# Golf GPS systems



## titaniummd

There are so many Golf GPS products on the market:

Golf GPS Pro (Pocket PC)
Sky Caddie
iGolf
Sureshot
Sonocaddie

Has anyone used the Pocket PC or Q phone versions? The Golf GPS pro has statistical tracking, a lot of courses, and serves as a PDA.

Reading the customer service reviews on Sky Caddie, I am not even considering them.

The Golf GPS Pro caught my eye since I can use it for something other than golf.


----------



## srothfuss

I was actually just thinking about buying a range finder or something similar instead of a GPS kind of system.. But I haven't made up my mind yet :dunno:


----------



## MyGolfHQ

I was looking at these for this season as well.
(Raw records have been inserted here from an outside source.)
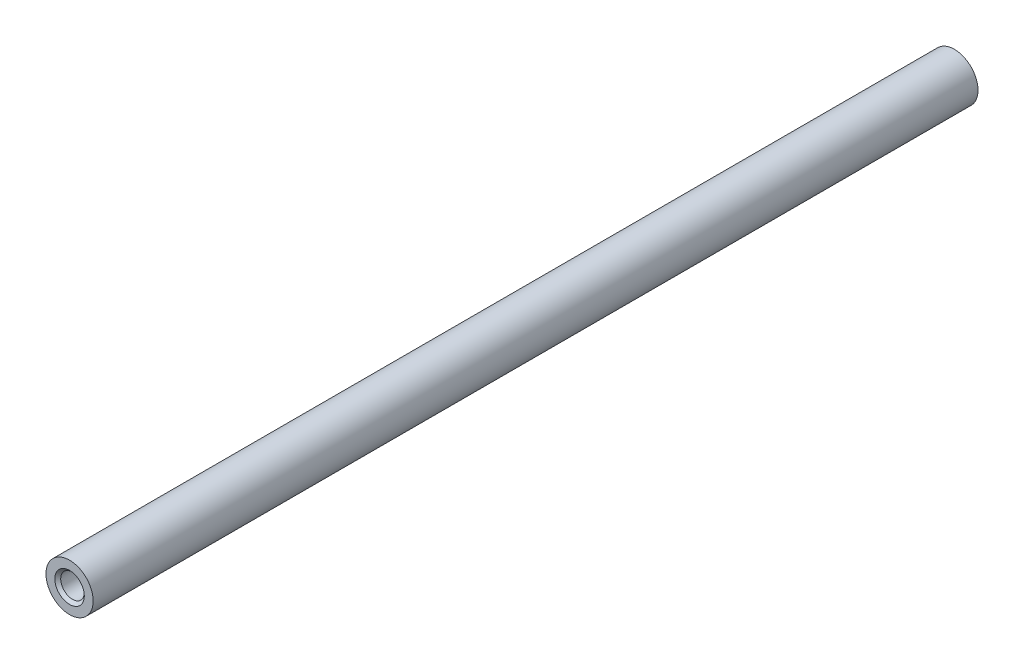
ISO-10303-21;
HEADER;
FILE_DESCRIPTION(('STEP AP214'),'2;1');
FILE_NAME('part.step','',(''),(''),'','','');
FILE_SCHEMA(('AUTOMOTIVE_DESIGN { 1 0 10303 214 1 1 1 1 }'));
ENDSEC;
DATA;
#1=APPLICATION_CONTEXT('core data for automotive mechanical design processes');
#2=APPLICATION_PROTOCOL_DEFINITION('international standard','automotive_design',2000,#1);
#3=PRODUCT_CONTEXT('',#1,'mechanical');
#4=PRODUCT('Part','Part','',(#3));
#5=PRODUCT_RELATED_PRODUCT_CATEGORY('part','',(#4));
#6=PRODUCT_DEFINITION_FORMATION('','',#4);
#7=PRODUCT_DEFINITION_CONTEXT('part definition',#1,'design');
#8=PRODUCT_DEFINITION('design','',#6,#7);
#9=PRODUCT_DEFINITION_SHAPE('','',#8);
#10=(LENGTH_UNIT() NAMED_UNIT(*) SI_UNIT(.MILLI.,.METRE.));
#11=(NAMED_UNIT(*) PLANE_ANGLE_UNIT() SI_UNIT($,.RADIAN.));
#12=(NAMED_UNIT(*) SI_UNIT($,.STERADIAN.) SOLID_ANGLE_UNIT());
#13=UNCERTAINTY_MEASURE_WITH_UNIT(LENGTH_MEASURE(1.E-05),#10,'distance_accuracy_value','');
#14=(GEOMETRIC_REPRESENTATION_CONTEXT(3) GLOBAL_UNCERTAINTY_ASSIGNED_CONTEXT((#13)) GLOBAL_UNIT_ASSIGNED_CONTEXT((#10,
#11,#12)) REPRESENTATION_CONTEXT('',''));
#15=CARTESIAN_POINT('',(0.,0.,0.));
#16=DIRECTION('',(0.,0.,1.));
#17=DIRECTION('',(1.,0.,0.));
#18=AXIS2_PLACEMENT_3D('',#15,#16,#17);
#19=CARTESIAN_POINT('',(0.,0.,150.));
#20=DIRECTION('',(0.,0.,-1.));
#21=DIRECTION('',(-1.,0.,0.));
#22=AXIS2_PLACEMENT_3D('',#19,#20,#21);
#23=CYLINDRICAL_SURFACE('',#22,4.);
#24=CARTESIAN_POINT('',(0.,0.,149.));
#25=DIRECTION('',(0.,0.,1.));
#26=DIRECTION('',(1.,0.,0.));
#27=AXIS2_PLACEMENT_3D('',#24,#25,#26);
#28=CIRCLE('',#27,4.);
#29=CARTESIAN_POINT('',(4.,0.,149.));
#30=VERTEX_POINT('',#29);
#31=EDGE_CURVE('E43',#30,#30,#28,.T.);
#32=ORIENTED_EDGE('',*,*,#31,.T.);
#33=EDGE_LOOP('',(#32));
#34=FACE_BOUND('',#33,.T.);
#35=CARTESIAN_POINT('',(0.,0.,-120.));
#36=DIRECTION('',(0.,0.,-1.));
#37=DIRECTION('',(-1.,0.,0.));
#38=AXIS2_PLACEMENT_3D('',#35,#36,#37);
#39=CIRCLE('',#38,4.);
#40=CARTESIAN_POINT('',(-4.,0.,-120.));
#41=VERTEX_POINT('',#40);
#42=EDGE_CURVE('E54',#41,#41,#39,.T.);
#43=ORIENTED_EDGE('',*,*,#42,.T.);
#44=EDGE_LOOP('',(#43));
#45=FACE_BOUND('',#44,.T.);
#46=ADVANCED_FACE('F35',(#34,#45),#23,.F.);
#47=CARTESIAN_POINT('',(0.,0.,150.));
#48=DIRECTION('',(0.,0.,1.));
#49=DIRECTION('',(1.,0.,0.));
#50=AXIS2_PLACEMENT_3D('',#47,#48,#49);
#51=PLANE('',#50);
#52=CARTESIAN_POINT('',(0.,0.,150.));
#53=DIRECTION('',(0.,0.,1.));
#54=DIRECTION('',(1.,0.,0.));
#55=AXIS2_PLACEMENT_3D('',#52,#53,#54);
#56=CIRCLE('',#55,5.);
#57=CARTESIAN_POINT('',(5.,0.,150.));
#58=VERTEX_POINT('',#57);
#59=EDGE_CURVE('E10',#58,#58,#56,.F.);
#60=ORIENTED_EDGE('',*,*,#59,.T.);
#61=EDGE_LOOP('',(#60));
#62=FACE_BOUND('',#61,.T.);
#63=CARTESIAN_POINT('',(0.,0.,150.));
#64=DIRECTION('',(0.,0.,1.));
#65=DIRECTION('',(1.,0.,0.));
#66=AXIS2_PLACEMENT_3D('',#63,#64,#65);
#67=CIRCLE('',#66,8.);
#68=CARTESIAN_POINT('',(8.,0.,150.));
#69=VERTEX_POINT('',#68);
#70=EDGE_CURVE('E47',#69,#69,#67,.T.);
#71=ORIENTED_EDGE('',*,*,#70,.T.);
#72=EDGE_LOOP('',(#71));
#73=FACE_BOUND('',#72,.T.);
#74=ADVANCED_FACE('F78',(#62,#73),#51,.T.);
#75=CARTESIAN_POINT('',(0.,0.,-150.));
#76=DIRECTION('',(0.,0.,1.));
#77=DIRECTION('',(1.,0.,0.));
#78=AXIS2_PLACEMENT_3D('',#75,#76,#77);
#79=PLANE('',#78);
#80=CARTESIAN_POINT('',(0.,0.,-150.));
#81=DIRECTION('',(0.,0.,-1.));
#82=DIRECTION('',(-1.,0.,0.));
#83=AXIS2_PLACEMENT_3D('',#80,#81,#82);
#84=CIRCLE('',#83,5.);
#85=CARTESIAN_POINT('',(-5.,0.,-150.));
#86=VERTEX_POINT('',#85);
#87=EDGE_CURVE('E60',#86,#86,#84,.T.);
#88=ORIENTED_EDGE('',*,*,#87,.F.);
#89=EDGE_LOOP('',(#88));
#90=FACE_BOUND('',#89,.T.);
#91=CARTESIAN_POINT('',(0.,0.,-150.));
#92=DIRECTION('',(0.,0.,1.));
#93=DIRECTION('',(1.,0.,0.));
#94=AXIS2_PLACEMENT_3D('',#91,#92,#93);
#95=CIRCLE('',#94,8.);
#96=CARTESIAN_POINT('',(8.,0.,-150.));
#97=VERTEX_POINT('',#96);
#98=EDGE_CURVE('E51',#97,#97,#95,.T.);
#99=ORIENTED_EDGE('',*,*,#98,.F.);
#100=EDGE_LOOP('',(#99));
#101=FACE_BOUND('',#100,.T.);
#102=ADVANCED_FACE('F75',(#90,#101),#79,.F.);
#103=CARTESIAN_POINT('',(0.,0.,150.));
#104=DIRECTION('',(0.,0.,-1.));
#105=DIRECTION('',(-1.,0.,0.));
#106=AXIS2_PLACEMENT_3D('',#103,#104,#105);
#107=CYLINDRICAL_SURFACE('',#106,8.);
#108=ORIENTED_EDGE('',*,*,#70,.F.);
#109=EDGE_LOOP('',(#108));
#110=FACE_BOUND('',#109,.T.);
#111=ORIENTED_EDGE('',*,*,#98,.T.);
#112=EDGE_LOOP('',(#111));
#113=FACE_BOUND('',#112,.T.);
#114=ADVANCED_FACE('F71',(#110,#113),#107,.T.);
#115=CARTESIAN_POINT('',(0.,0.,-120.));
#116=DIRECTION('',(0.,0.,-1.));
#117=DIRECTION('',(-1.,0.,0.));
#118=AXIS2_PLACEMENT_3D('',#115,#116,#117);
#119=CYLINDRICAL_SURFACE('',#118,5.);
#120=CARTESIAN_POINT('',(0.,0.,-120.));
#121=DIRECTION('',(0.,0.,-1.));
#122=DIRECTION('',(-1.,0.,0.));
#123=AXIS2_PLACEMENT_3D('',#120,#121,#122);
#124=CIRCLE('',#123,5.);
#125=CARTESIAN_POINT('',(-5.,0.,-120.));
#126=VERTEX_POINT('',#125);
#127=EDGE_CURVE('E57',#126,#126,#124,.T.);
#128=ORIENTED_EDGE('',*,*,#127,.F.);
#129=EDGE_LOOP('',(#128));
#130=FACE_BOUND('',#129,.T.);
#131=ORIENTED_EDGE('',*,*,#87,.T.);
#132=EDGE_LOOP('',(#131));
#133=FACE_BOUND('',#132,.T.);
#134=ADVANCED_FACE('F68',(#130,#133),#119,.F.);
#135=CARTESIAN_POINT('',(0.,0.,-120.));
#136=DIRECTION('',(0.,0.,-1.));
#137=DIRECTION('',(-1.,0.,0.));
#138=AXIS2_PLACEMENT_3D('',#135,#136,#137);
#139=PLANE('',#138);
#140=ORIENTED_EDGE('',*,*,#42,.F.);
#141=EDGE_LOOP('',(#140));
#142=FACE_BOUND('',#141,.T.);
#143=ORIENTED_EDGE('',*,*,#127,.T.);
#144=EDGE_LOOP('',(#143));
#145=FACE_BOUND('',#144,.T.);
#146=ADVANCED_FACE('F66',(#142,#145),#139,.T.);
#147=CARTESIAN_POINT('',(0.,0.,149.));
#148=DIRECTION('',(0.,0.,1.));
#149=DIRECTION('',(1.,0.,0.));
#150=AXIS2_PLACEMENT_3D('',#147,#148,#149);
#151=CONICAL_SURFACE('',#150,4.,0.785398163397436);
#152=ORIENTED_EDGE('',*,*,#59,.F.);
#153=EDGE_LOOP('',(#152));
#154=FACE_BOUND('',#153,.T.);
#155=ORIENTED_EDGE('',*,*,#31,.F.);
#156=EDGE_LOOP('',(#155));
#157=FACE_BOUND('',#156,.T.);
#158=ADVANCED_FACE('F38',(#154,#157),#151,.F.);
#159=CLOSED_SHELL('',(#46,#74,#102,#114,#134,#146,#158));
#160=MANIFOLD_SOLID_BREP('B2',#159);
#161=ADVANCED_BREP_SHAPE_REPRESENTATION('',(#18,#160),#14);
#162=SHAPE_DEFINITION_REPRESENTATION(#9,#161);
ENDSEC;
END-ISO-10303-21;

What is so bad about Skycaddie? A guy I play with has one and I haven't heard him complain at all yet.


----------



## titaniummd

MyGolfHQ said:


> I was looking at these for this season as well. What is so bad about Skycaddie? A guy I play with has one and I haven't heard him complain at all yet.


I read some less than stellar reviews on Amazon. 

A lot of people swear by the SG3 which is what I was about to pull the trigger on through Discount Golf Clubs, New Golf Clubs and Equipment from TaylorMade, Adams Golf, Mizuno, Tommy Armour, Ram, Hippo, Wilson, Nike, Bag Boy and Ogio.. However, 1 They were out of stock
2 The reviews regarding receiving customer service was bad
After that, I rethought my decision and backed off.

I had posed a question to them and never received a response.

I did receive responses regarding questions about products from Sureshot, Golf Pro GPS (PDA based GPS) and iGolf.


----------



## mkoreiwo

I guess the customer service does suck with SkyCaddie, but their devices do work, and they do have the course database already at hand....

I have the SG4, which replaced an SG2. I can say that they do help me, simply to give those yardages and allowing me to glance and know how far a target is. Am I THAT good where 10 or 20 yards will make a difference... probably not. But at least I can learn as I play, how close I hit my clubs to the targets I'm shooting for...

When SureShot gets their database populated, I'm jumping ship.... Their product has so much more to offer - it's just that they don't have the courses.


----------



## MyGolfHQ

I finally bit the bullet and purchased a GPS unit.  I ended up getting a new iGolf off of Ebay for $190 shipped to my door. I went with iGolf because it was a little cheaper and I can map up to 8 additional spots on each hole. Now I'll know just how far it is to clear that sand trap or to the end of the fairway.

I haven't gotten a chance to use it yet due to the fact that we still have some snow on the ground, but the 50 degree temps are on the way within a week and hopefully I'll be back out on the links in 2 weeks. Man, I really need to move. These winters are killing me.


----------



## Doby45

I got the SkyCaddie SG3 about 2 weeks ago and it has been very nice to have.. I agree with mkoreiwo in the fact that I am not accurate to the point of having to know exactly what my yardage is but it does help to start narrowing down how I actually hit my shots on the course. I think it is one of those items that if you can afford it, grab one and enjoy. If you can't afford one your not truly missing out on the best game of your life because you don't have one. :thumbsup:


----------



## titaniummd

Definitely not a matter of affording one...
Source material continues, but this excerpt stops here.